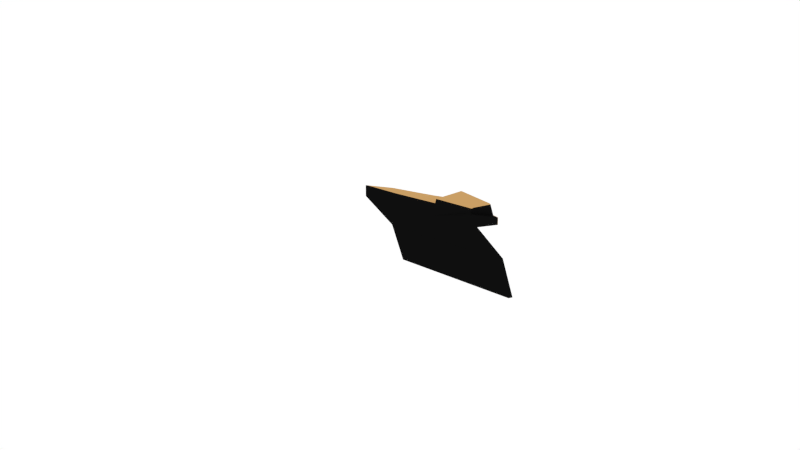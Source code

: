 # Source: dashboard.blend  (saved by Blender 2.79.0; exported with 4.5.12 LTS)
import bpy
from mathutils import Matrix  # noqa: F401  (used for matrix-valued properties, if any)

bpy.ops.wm.read_factory_settings(use_empty=True)
scene = bpy.context.scene
scene.name = 'Scene'

# ---- collections
col_collection_1 = bpy.data.collections.new('Collection 1'); scene.collection.children.link(col_collection_1)

# ---- materials (node trees are filled in below, after node groups)
mat_light_brown = bpy.data.materials.new('light brown')
mat_light_brown.alpha_threshold = 0.0
mat_light_brown.diffuse_color = (0.5926, 0.3454, 0.131, 1.0)
mat_light_brown.roughness = 0.5
mat_black = bpy.data.materials.new('black')
mat_black.alpha_threshold = 0.0
mat_black.diffuse_color = (0.08353, 0.08353, 0.08353, 1.0)
mat_black.roughness = 0.5
mat_in_car_light = bpy.data.materials.new('in car light')
mat_in_car_light.alpha_threshold = 0.0
mat_in_car_light.diffuse_color = (0.08022, 0.07421, 0.7991, 1.0)
mat_in_car_light.roughness = 0.5

# ---- material node trees
mat_light_brown.use_nodes = True; mat_light_brown.node_tree.nodes.clear()
_N = mat_light_brown.node_tree.nodes; _L = mat_light_brown.node_tree.links
n0 = _N.new('ShaderNodeOutputMaterial'); n0.name = 'Material Output'; n0.location = (300, 300)
n1 = _N.new('ShaderNodeBsdfDiffuse'); n1.name = 'Diffuse BSDF'; n1.location = (10, 300)
n1.inputs[0].default_value = (0.5906, 0.3467, 0.1301, 1.0)
_L.new(n1.outputs[0], n0.inputs[0])
n0.is_active_output = True
mat_black.use_nodes = True; mat_black.node_tree.nodes.clear()
_N = mat_black.node_tree.nodes; _L = mat_black.node_tree.links
n0 = _N.new('ShaderNodeOutputMaterial'); n0.name = 'Material Output'; n0.location = (300, 300)
n1 = _N.new('ShaderNodeBsdfDiffuse'); n1.name = 'Diffuse BSDF'; n1.location = (10, 300)
n1.inputs[0].default_value = (0.004896, 0.004896, 0.004896, 1.0)
_L.new(n1.outputs[0], n0.inputs[0])
n0.is_active_output = True
mat_in_car_light.use_nodes = True; mat_in_car_light.node_tree.nodes.clear()
_N = mat_in_car_light.node_tree.nodes; _L = mat_in_car_light.node_tree.links
n0 = _N.new('ShaderNodeOutputMaterial'); n0.name = 'Material Output'; n0.location = (300, 300)
n1 = _N.new('ShaderNodeEmission'); n1.name = 'Emission'; n1.location = (110, 300)
n1.inputs[0].default_value = (0.08072, 0.07357, 0.8, 1.0)
n1.inputs[1].default_value = 3.0
_L.new(n1.outputs[0], n0.inputs[0])
n0.is_active_output = True

# ---- world
world_world = bpy.data.worlds.new('World'); scene.world = world_world
world_world.color = (1.0, 1.0, 1.0)
world_world.use_sun_shadow = False
world_world.sun_shadow_jitter_overblur = 0.0
world_world.cycles.sampling_method = 'NONE'
world_world.cycles.sample_map_resolution = 256

# ---- cameras
cam_camera = bpy.data.cameras.new('Camera')
cam_camera.clip_end = 100.0
cam_camera.lens = 35.0
cam_camera.sensor_width = 32.0
cam_camera.sensor_height = 18.0
cam_camera.ortho_scale = 7.314
cam_camera.dof.focus_distance = 0.0

# ---- meshes
me_cube_011 = bpy.data.meshes.new('Cube.011')
me_cube_011.from_pydata([(-0.9266, -1.0, -1.0), (1.0, -1.0, -1.0), (0.3333, -0.8073, 1.0), (-0.3333, -1.0, 1.0), (-0.3333, -1.0, -1.0), (0.3333, -1.0, -1.0), (-0.9266, 0.8899, -1.51), (-0.8423, 1.071, -1.54), (-0.9202, 0.9374, -1.522), (-0.9019, 0.9885, -1.531), (-0.8746, 1.035, -1.538), (0.9157, 1.071, -1.54), (1.0, 0.8899, -1.51), (0.9479, 1.035, -1.538), (0.9753, 0.9885, -1.531), (0.9936, 0.9374, -1.522), (-0.3333, 1.448, -0.2725), (-0.2076, 1.56, -0.3305), (0.2232, 1.56, -0.3305), (0.3333, 1.462, -0.2797), (0.4177, 1.489, -1.54), (0.3333, 1.322, -1.49), (0.0906, 1.56, -1.54), (0.3283, 1.621, -1.674), (0.3526, 1.571, -1.603), (0.384, 1.524, -1.556), (-0.4177, 1.489, -1.54), (-0.2232, 1.56, -1.54), (-0.3333, 1.452, -1.517), (-0.384, 1.524, -1.556), (-0.3526, 1.571, -1.603), (-0.3283, 1.621, -1.674), (-0.8436, -1.0, 1.0), (-0.9266, -1.0, 0.9167), (-0.8851, -1.0, 0.9888), (-0.9155, -1.0, 0.9583), (1.0, -1.0, 0.9167), (0.917, -0.8073, 1.0), (0.9889, -1.0, 0.9583), (0.9585, -1.0, 0.9888), (-0.8423, 1.071, -0.4138), (-0.7964, 1.028, -0.276), (-0.8361, 1.065, -0.3648), (-0.8193, 1.049, -0.3144), (-0.9266, 0.8899, -0.3406), (-0.8513, 0.9049, -0.2252), (-0.9165, 0.8919, -0.2946), (-0.889, 0.8974, -0.2524), (-0.8746, 1.035, -0.4082), (-0.8163, 1.006, -0.2726), (-0.8668, 1.031, -0.3596), (-0.8454, 1.02, -0.3099), (-0.9019, 0.9885, -0.3923), (-0.8339, 0.9754, -0.2624), (-0.8928, 0.9867, -0.3444), (-0.8679, 0.982, -0.2969), (-0.9202, 0.9374, -0.3686), (-0.8466, 0.94, -0.2459), (-0.9103, 0.9378, -0.3217), (-0.8834, 0.9387, -0.2767), (1.0, 0.8899, -0.3406), (0.9247, 0.9049, -0.2252), (0.9899, 0.8919, -0.2946), (0.9624, 0.8974, -0.2524), (0.9157, 1.071, -0.4138), (0.8505, 1.049, -0.2794), (0.9069, 1.068, -0.3653), (0.8831, 1.06, -0.3161), (0.9936, 0.9374, -0.3686), (0.92, 0.94, -0.2459), (0.9837, 0.9378, -0.3217), (0.9568, 0.9387, -0.2767), (0.9753, 0.9885, -0.3923), (0.9073, 0.9754, -0.2624), (0.9662, 0.9867, -0.3444), (0.9413, 0.982, -0.2969), (0.9479, 1.035, -0.4082), (0.8897, 1.006, -0.2726), (0.9401, 1.031, -0.3596), (0.9188, 1.02, -0.3099), (-0.3147, 1.668, -0.4744), (-0.2488, 1.601, -0.3538), (-0.3059, 1.659, -0.4278), (-0.2818, 1.635, -0.3836), (-0.3498, 1.456, -0.2839), (-0.4177, 1.489, -0.4138), (-0.3837, 1.473, -0.3183), (-0.4086, 1.485, -0.3659), (-0.2577, 1.614, -0.3242), (-0.3283, 1.621, -0.4512), (-0.293, 1.617, -0.3572), (-0.3188, 1.62, -0.4037), (-0.2882, 1.55, -0.2995), (-0.3526, 1.571, -0.4316), (-0.3204, 1.56, -0.335), (-0.344, 1.568, -0.3834), (-0.3376, 1.477, -0.2788), (-0.384, 1.524, -0.4184), (-0.3608, 1.501, -0.3181), (-0.3778, 1.518, -0.3692), (0.4177, 1.489, -0.4138), (0.345, 1.466, -0.2867), (0.4079, 1.486, -0.3663), (0.3813, 1.477, -0.3198), (0.245, 1.585, -0.3449), (0.3147, 1.668, -0.4744), (0.2798, 1.627, -0.3792), (0.3054, 1.657, -0.4266), (0.3284, 1.491, -0.2827), (0.384, 1.524, -0.4184), (0.3562, 1.507, -0.32), (0.3765, 1.52, -0.3697), (0.2882, 1.55, -0.2995), (0.3526, 1.571, -0.4316), (0.3204, 1.56, -0.335), (0.344, 1.568, -0.3834), (0.2394, 1.652, -0.339), (0.3283, 1.621, -0.4512), (0.2838, 1.636, -0.3646), (0.3164, 1.625, -0.4057), (-0.07704, 2.412, -0.8899), (-0.06812, 2.339, -0.7661), (-0.07584, 2.402, -0.8428), (-0.07258, 2.376, -0.7975), (-0.2058, 2.303, -0.8293), (-0.1369, 2.254, -0.7184), (-0.1965, 2.297, -0.784), (-0.1713, 2.279, -0.7434), (-0.1206, 2.404, -0.8853), (-0.08728, 2.336, -0.7641), (-0.1161, 2.395, -0.8386), (-0.1039, 2.37, -0.7942), (-0.1603, 2.38, -0.8722), (-0.1021, 2.327, -0.7592), (-0.1525, 2.373, -0.8265), (-0.1312, 2.354, -0.7852), (-0.1902, 2.345, -0.8525), (-0.1155, 2.311, -0.7504), (-0.1802, 2.34, -0.8083), (-0.1529, 2.328, -0.7709), (0.2058, 2.303, -0.8293), (0.1247, 2.287, -0.7367), (0.1949, 2.301, -0.7864), (0.1652, 2.295, -0.7525), (0.07704, 2.412, -0.8899), (0.06812, 2.339, -0.7661), (0.07584, 2.402, -0.8428), (0.07258, 2.376, -0.7975), (0.1902, 2.345, -0.8525), (0.1155, 2.311, -0.7504), (0.1802, 2.34, -0.8083), (0.1529, 2.328, -0.7709), (0.1603, 2.38, -0.8722), (0.1021, 2.327, -0.7592), (0.1525, 2.373, -0.8265), (0.1312, 2.354, -0.7852), (0.1206, 2.404, -0.8853), (0.08728, 2.336, -0.7641), (0.1161, 2.395, -0.8386), (0.1039, 2.37, -0.7942), (0.215, 1.62, -1.66), (0.3147, 1.668, -1.645), (0.3283, 1.621, -1.674), (0.2532, 1.638, -1.688), (0.2855, 1.654, -1.696), (0.3071, 1.665, -1.68), (-0.3147, 1.668, -1.645), (-0.225, 1.562, -1.544), (-0.3283, 1.621, -1.674), (-0.3079, 1.66, -1.672), (-0.2884, 1.637, -1.662), (-0.2593, 1.602, -1.617), (0.07704, 2.412, -3.128), (0.0552, 2.364, -3.143), (0.07538, 2.408, -3.163), (0.07064, 2.398, -3.178), (0.06356, 2.382, -3.171), (0.09877, 2.298, -3.011), (0.2058, 2.303, -2.912), (0.1397, 2.3, -3.007), (0.1744, 2.302, -2.987), (0.1976, 2.303, -2.953), (0.1206, 2.404, -3.112), (0.05215, 2.364, -3.144), (0.1154, 2.401, -3.148), (0.1005, 2.392, -3.167), (0.07834, 2.379, -3.166), (0.1603, 2.38, -3.065), (0.06522, 2.357, -3.129), (0.1531, 2.378, -3.104), (0.1325, 2.373, -3.129), (0.1016, 2.366, -3.138), (0.1902, 2.345, -2.994), (0.08583, 2.332, -3.08), (0.1823, 2.344, -3.035), (0.1597, 2.341, -3.066), (0.1258, 2.337, -3.081), (-0.2058, 2.303, -2.912), (-0.09877, 2.298, -3.011), (-0.1976, 2.303, -2.953), (-0.1744, 2.302, -2.987), (-0.1397, 2.3, -3.007), (-0.0552, 2.364, -3.143), (-0.07704, 2.412, -3.128), (-0.06356, 2.382, -3.171), (-0.07064, 2.398, -3.178), (-0.07538, 2.408, -3.163), (-0.1902, 2.345, -2.994), (-0.08583, 2.332, -3.08), (-0.1823, 2.344, -3.035), (-0.1597, 2.341, -3.066), (-0.1258, 2.337, -3.081), (-0.1603, 2.38, -3.065), (-0.06522, 2.357, -3.129), (-0.1531, 2.378, -3.104), (-0.1325, 2.373, -3.129), (-0.1016, 2.366, -3.138), (-0.1206, 2.404, -3.112), (-0.05215, 2.364, -3.144), (-0.1154, 2.401, -3.148), (-0.1005, 2.392, -3.167), (-0.07834, 2.379, -3.166), (0.3147, 1.738, -1.365), (0.3147, 1.673, -0.4936), (0.3147, 1.757, -1.137), (0.3147, 1.733, -0.8176), (0.2058, 2.383, -1.395), (0.2058, 2.402, -2.211), (0.2058, 2.41, -1.679), (0.2058, 2.417, -1.977), (-0.3147, 1.673, -0.4936), (-0.3147, 1.738, -1.365), (-0.3147, 1.733, -0.8176), (-0.3147, 1.757, -1.137), (-0.2058, 2.402, -2.211), (-0.2058, 2.383, -1.395), (-0.2058, 2.417, -1.977), (-0.2058, 2.41, -1.679), (-0.07704, 2.513, -2.352), (-0.07704, 2.497, -1.537), (-0.07704, 2.527, -2.117), (-0.07704, 2.521, -1.819), (0.07704, 2.513, -2.352), (0.07704, 2.497, -1.537), (0.07704, 2.527, -2.117), (0.07704, 2.521, -1.819), (0.1206, 2.505, -2.342), (0.1206, 2.488, -1.527), (0.1206, 2.519, -2.107), (0.1206, 2.513, -1.809), (0.1902, 2.427, -1.451), (0.1902, 2.444, -2.266), (0.1902, 2.453, -1.733), (0.1902, 2.459, -2.031), (0.1603, 2.481, -2.311), (0.1603, 2.463, -1.497), (0.1603, 2.495, -2.077), (0.1603, 2.489, -1.778), (-0.1902, 2.427, -1.451), (-0.1902, 2.444, -2.266), (-0.1902, 2.453, -1.733), (-0.1902, 2.459, -2.031), (-0.1206, 2.488, -1.527), (-0.1206, 2.505, -2.342), (-0.1206, 2.513, -1.809), (-0.1206, 2.519, -2.107), (-0.1603, 2.481, -2.311), (-0.1603, 2.463, -1.497), (-0.1603, 2.495, -2.077), (-0.1603, 2.489, -1.778), (1.0, -0.6697, -1.089), (0.9183, -0.6671, 0.7859), (0.9592, -0.6684, 0.7719), (0.9891, -0.6694, 0.7394), (1.0, -0.6697, 0.697), (-0.3333, -0.6794, -1.068), (-0.9266, -0.6735, -1.088), (0.3333, -0.6781, -1.068), (-0.9266, 1.065, -7.279), (1.0, 1.065, -7.279), (-0.3333, 1.065, -7.279), (0.3333, 1.065, -7.279), (1.0, 1.395, -7.369), (-0.3333, 1.385, -7.347), (-0.9266, 1.391, -7.368), (0.3333, 1.387, -7.347), (-0.9266, 1.968, -14.5), (1.0, 1.968, -14.5), (-0.3333, 1.968, -14.5), (0.3333, 1.968, -14.5), (1.0, 2.298, -14.59), (-0.3333, 2.289, -14.57), (-0.9266, 2.294, -14.59), (0.3333, 2.29, -14.57), (0.3351, -0.7413, 1.687), (0.3351, 1.18, 2.129), (0.9188, -0.7413, 1.687), (0.9265, 0.6415, 1.713), (0.8523, 0.7845, 1.782), (0.9218, 0.6772, 1.722), (0.9091, 0.7127, 1.737), (0.8914, 0.7426, 1.752), (0.3467, 1.184, 2.126), (0.9201, -0.5939, 1.763), (0.8151, 1.059, -0.1225), (0.3807, 1.417, -0.1288), (0.8166, 0.8318, 1.649), (0.3822, 1.175, 1.944), (0.7691, 0.3664, 0.08071), (0.4269, 0.6487, 0.07574), (0.7704, 0.1875, 1.476), (0.4281, 0.458, 1.709), (0.6265, 1.254, -0.8641), (0.6256, 1.253, -0.8603), (0.6247, 1.252, -0.854), (0.6239, 1.25, -0.8456), (0.6233, 1.248, -0.8355), (0.6229, 1.246, -0.824), (0.6227, 1.243, -0.8117), (0.6227, 1.241, -0.7992), (0.6229, 1.239, -0.787), (0.6233, 1.236, -0.7755), (0.6239, 1.234, -0.7654), (0.6247, 1.233, -0.757), (0.6256, 1.232, -0.7507), (0.6265, 1.231, -0.7468), (0.6276, 1.231, -0.7455), (0.6286, 1.231, -0.7468), (0.6296, 1.232, -0.7507), (0.6305, 1.233, -0.757), (0.6312, 1.234, -0.7654), (0.6318, 1.236, -0.7755), (0.6323, 1.239, -0.787), (0.6325, 1.241, -0.7992), (0.6325, 1.243, -0.8117), (0.6323, 1.246, -0.824), (0.6318, 1.248, -0.8355), (0.6312, 1.25, -0.8456), (0.6305, 1.252, -0.854), (0.6296, 1.253, -0.8603), (0.6286, 1.254, -0.8641), (0.6276, 1.254, -0.8654)], [], [(275, 277, 285, 283), (33, 44, 6, 276, 0), (277, 270, 282, 285), (3, 16, 84, 41, 49, 53, 57, 45, 32), (68, 15, 14, 72), (40, 7, 10, 48), (274, 36, 1, 270), (160, 162, 23, 24, 25, 20, 21, 22), (271, 61, 297, 303), (2, 3, 4, 5), (36, 38, 39, 37, 2, 5, 1), (120, 239, 262, 128), (81, 88, 92, 96, 84, 16, 17), (97, 29, 26, 85), (109, 25, 24, 113), (276, 275, 283, 284), (2, 19, 18, 17, 16, 3), (26, 29, 30, 31, 168, 167, 27, 28), (100, 20, 25, 109), (117, 23, 162, 161, 222, 224, 225, 223, 105), (166, 231, 234, 197), (40, 85, 26, 7), (52, 9, 8, 56), (60, 12, 15, 68), (48, 10, 9, 52), (76, 13, 11, 64), (72, 14, 13, 76), (81, 17, 18, 104, 141, 149, 153, 157, 145, 121, 129, 133, 137, 125), (100, 64, 11, 20), (156, 247, 243, 144), (93, 30, 29, 97), (101, 108, 112, 116, 104, 18, 19), (89, 31, 30, 93), (230, 80, 124, 235), (113, 24, 23, 117), (263, 217, 212, 266), (105, 223, 226, 140), (152, 255, 247, 156), (128, 262, 267, 132), (251, 192, 187, 254), (140, 226, 250, 148), (148, 250, 255, 152), (120, 144, 243, 239), (56, 8, 6, 44), (80, 89, 91, 82), (82, 91, 90, 83), (83, 90, 88, 81), (89, 93, 95, 91), (91, 95, 94, 90), (90, 94, 92, 88), (93, 97, 99, 95), (95, 99, 98, 94), (94, 98, 96, 92), (97, 85, 87, 99), (99, 87, 86, 98), (98, 86, 84, 96), (100, 109, 111, 102), (102, 111, 110, 103), (103, 110, 108, 101), (109, 113, 115, 111), (111, 115, 114, 110), (110, 114, 112, 108), (113, 117, 119, 115), (115, 119, 118, 114), (114, 118, 116, 112), (117, 105, 107, 119), (119, 107, 106, 118), (118, 106, 104, 116), (49, 41, 43, 51), (51, 43, 42, 50), (50, 42, 40, 48), (53, 49, 51, 55), (55, 51, 50, 54), (54, 50, 48, 52), (57, 53, 55, 59), (59, 55, 54, 58), (58, 54, 52, 56), (45, 57, 59, 47), (47, 59, 58, 46), (46, 58, 56, 44), (69, 61, 63, 71), (71, 63, 62, 70), (70, 62, 60, 68), (73, 69, 71, 75), (75, 71, 70, 74), (74, 70, 68, 72), (77, 73, 75, 79), (79, 75, 74, 78), (78, 74, 72, 76), (65, 77, 79, 67), (67, 79, 78, 66), (66, 78, 76, 64), (129, 121, 123, 131), (131, 123, 122, 130), (130, 122, 120, 128), (133, 129, 131, 135), (135, 131, 130, 134), (134, 130, 128, 132), (137, 133, 135, 139), (139, 135, 134, 138), (138, 134, 132, 136), (125, 137, 139, 127), (127, 139, 138, 126), (126, 138, 136, 124), (149, 141, 143, 151), (151, 143, 142, 150), (150, 142, 140, 148), (153, 149, 151, 155), (155, 151, 150, 154), (154, 150, 148, 152), (157, 153, 155, 159), (159, 155, 154, 158), (158, 154, 152, 156), (145, 157, 159, 147), (147, 159, 158, 146), (146, 158, 156, 144), (41, 84, 86, 43), (43, 86, 87, 42), (42, 87, 85, 40), (32, 45, 47, 34), (34, 47, 46, 35), (35, 46, 44, 33), (271, 37, 39, 272), (272, 39, 38, 273), (273, 38, 36, 274), (101, 65, 67, 103), (103, 67, 66, 102), (102, 66, 64, 100), (124, 80, 82, 126), (126, 82, 83, 127), (127, 83, 81, 125), (105, 140, 142, 107), (107, 142, 143, 106), (106, 143, 141, 104), (144, 120, 122, 146), (146, 122, 123, 147), (147, 123, 121, 145), (3, 32, 34, 35, 33, 0, 4), (160, 163, 162), (163, 164, 162), (164, 165, 162), (165, 161, 162), (166, 169, 168), (169, 170, 168), (170, 171, 168), (171, 167, 168), (202, 218, 221, 204), (204, 221, 220, 205), (205, 220, 219, 206), (206, 219, 217, 203), (218, 213, 216, 221), (221, 216, 215, 220), (220, 215, 214, 219), (219, 214, 212, 217), (213, 208, 211, 216), (216, 211, 210, 215), (215, 210, 209, 214), (214, 209, 207, 212), (208, 198, 201, 211), (211, 201, 200, 210), (210, 200, 199, 209), (209, 199, 197, 207), (177, 193, 196, 179), (179, 196, 195, 180), (180, 195, 194, 181), (181, 194, 192, 178), (193, 188, 191, 196), (196, 191, 190, 195), (195, 190, 189, 194), (194, 189, 187, 192), (188, 183, 186, 191), (191, 186, 185, 190), (190, 185, 184, 189), (189, 184, 182, 187), (183, 173, 176, 186), (186, 176, 175, 185), (185, 175, 174, 184), (184, 174, 172, 182), (198, 167, 171, 201), (201, 171, 170, 200), (200, 170, 169, 199), (199, 169, 166, 197), (160, 177, 179, 163), (163, 179, 180, 164), (164, 180, 181, 165), (165, 181, 178, 161), (203, 172, 174, 206), (206, 174, 175, 205), (205, 175, 176, 204), (204, 176, 173, 202), (160, 22, 27, 167, 198, 208, 213, 218, 202, 173, 183, 188, 193, 177), (238, 242, 172, 203), (227, 178, 192, 251), (136, 258, 235, 124), (238, 203, 217, 263), (266, 212, 207, 259), (246, 182, 172, 242), (254, 187, 182, 246), (80, 230, 232, 233, 231, 166, 168, 31, 89), (132, 267, 258, 136), (259, 207, 197, 234), (238, 263, 265, 240), (240, 265, 264, 241), (241, 264, 262, 239), (222, 227, 229, 224), (224, 229, 228, 225), (225, 228, 226, 223), (230, 235, 237, 232), (232, 237, 236, 233), (233, 236, 234, 231), (242, 238, 240, 244), (244, 240, 241, 245), (245, 241, 239, 243), (266, 259, 261, 268), (268, 261, 260, 269), (269, 260, 258, 267), (246, 242, 244, 248), (248, 244, 245, 249), (249, 245, 243, 247), (263, 266, 268, 265), (265, 268, 269, 264), (264, 269, 267, 262), (254, 246, 248, 256), (256, 248, 249, 257), (257, 249, 247, 255), (227, 251, 253, 229), (229, 253, 252, 228), (228, 252, 250, 226), (251, 254, 256, 253), (253, 256, 257, 252), (252, 257, 255, 250), (259, 234, 236, 261), (261, 236, 237, 260), (260, 237, 235, 258), (222, 161, 178, 227), (60, 274, 270, 12), (61, 271, 272, 63), (63, 272, 273, 62), (62, 273, 274, 60), (275, 28, 27, 22, 21, 277), (277, 21, 20, 11, 13, 14, 15, 12, 270), (276, 6, 8, 9, 10, 7, 26, 28, 275), (283, 285, 293, 291), (285, 282, 290, 293), (284, 283, 291, 292), (270, 1, 279, 282), (0, 276, 284, 278), (5, 4, 280, 281), (4, 0, 278, 280), (1, 5, 281, 279), (286, 292, 291, 288), (289, 293, 290, 287), (288, 291, 293, 289), (282, 279, 287, 290), (278, 284, 292, 286), (281, 280, 288, 289), (280, 278, 286, 288), (279, 281, 289, 287), (296, 303, 297, 299, 300, 301, 298, 302, 295, 294), (101, 19, 295, 302), (2, 37, 296, 294), (298, 65, 304, 306), (37, 271, 303, 296), (77, 65, 298, 301), (73, 77, 301, 300), (69, 73, 300, 299), (61, 69, 299, 297), (19, 2, 294, 295), (306, 304, 308, 310), (101, 302, 307, 305), (302, 298, 306, 307), (65, 101, 305, 304), (308, 309, 311, 310), (305, 307, 311, 309), (307, 306, 310, 311), (304, 305, 309, 308), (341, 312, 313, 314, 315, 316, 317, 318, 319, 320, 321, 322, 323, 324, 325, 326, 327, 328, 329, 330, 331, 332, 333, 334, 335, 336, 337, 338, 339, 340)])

TASK TO COMPLETE
What lines above hold the word "cycles"? Pull each one out.

ANSWER TO THE EXERCISE
world_world.cycles.sampling_method = 'NONE'
world_world.cycles.sample_map_resolution = 256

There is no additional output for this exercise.